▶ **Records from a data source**
★ ★ ★ ★ ★
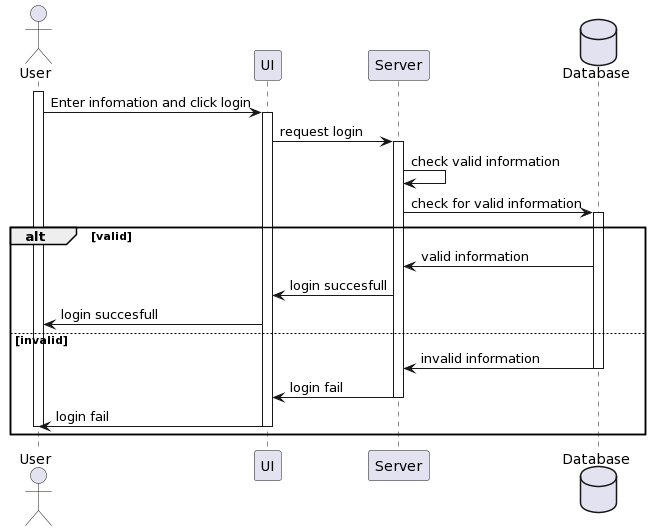

The diagram above was rendered by PlantUML. Its source (embedded in the PNG):
@startuml
actor User as u
participant UI as ui
participant Server as s
database "Database" as d

activate u
u -> ui: Enter infomation and click login
activate ui 
ui -> s: request login
activate s
s-> s: check valid information
s->d : check for valid information
activate d
alt valid 
     d->s : valid information
     s-> ui : login succesfull
     ui->u: login succesfull
else invalid
     d->s: invalid information
     deactivate d
     s->ui: login fail
     deactivate s
     ui->u: login fail
     deactivate ui
     deactivate u
end
@enduml
★ ★ ★ ★ ★
▶ **Exercise instructions**
Quote all the records verbatim, dropping any pictures from your copy.

▶ **Response for this exercise**
The diagram above was rendered by PlantUML. Its source (embedded in the PNG):
@startuml
actor User as u
participant UI as ui
participant Server as s
database "Database" as d

activate u
u -> ui: Enter infomation and click login
activate ui 
ui -> s: request login
activate s
s-> s: check valid information
s->d : check for valid information
activate d
alt valid 
     d->s : valid information
     s-> ui : login succesfull
     ui->u: login succesfull
else invalid
     d->s: invalid information
     deactivate d
     s->ui: login fail
     deactivate s
     ui->u: login fail
     deactivate ui
     deactivate u
end
@enduml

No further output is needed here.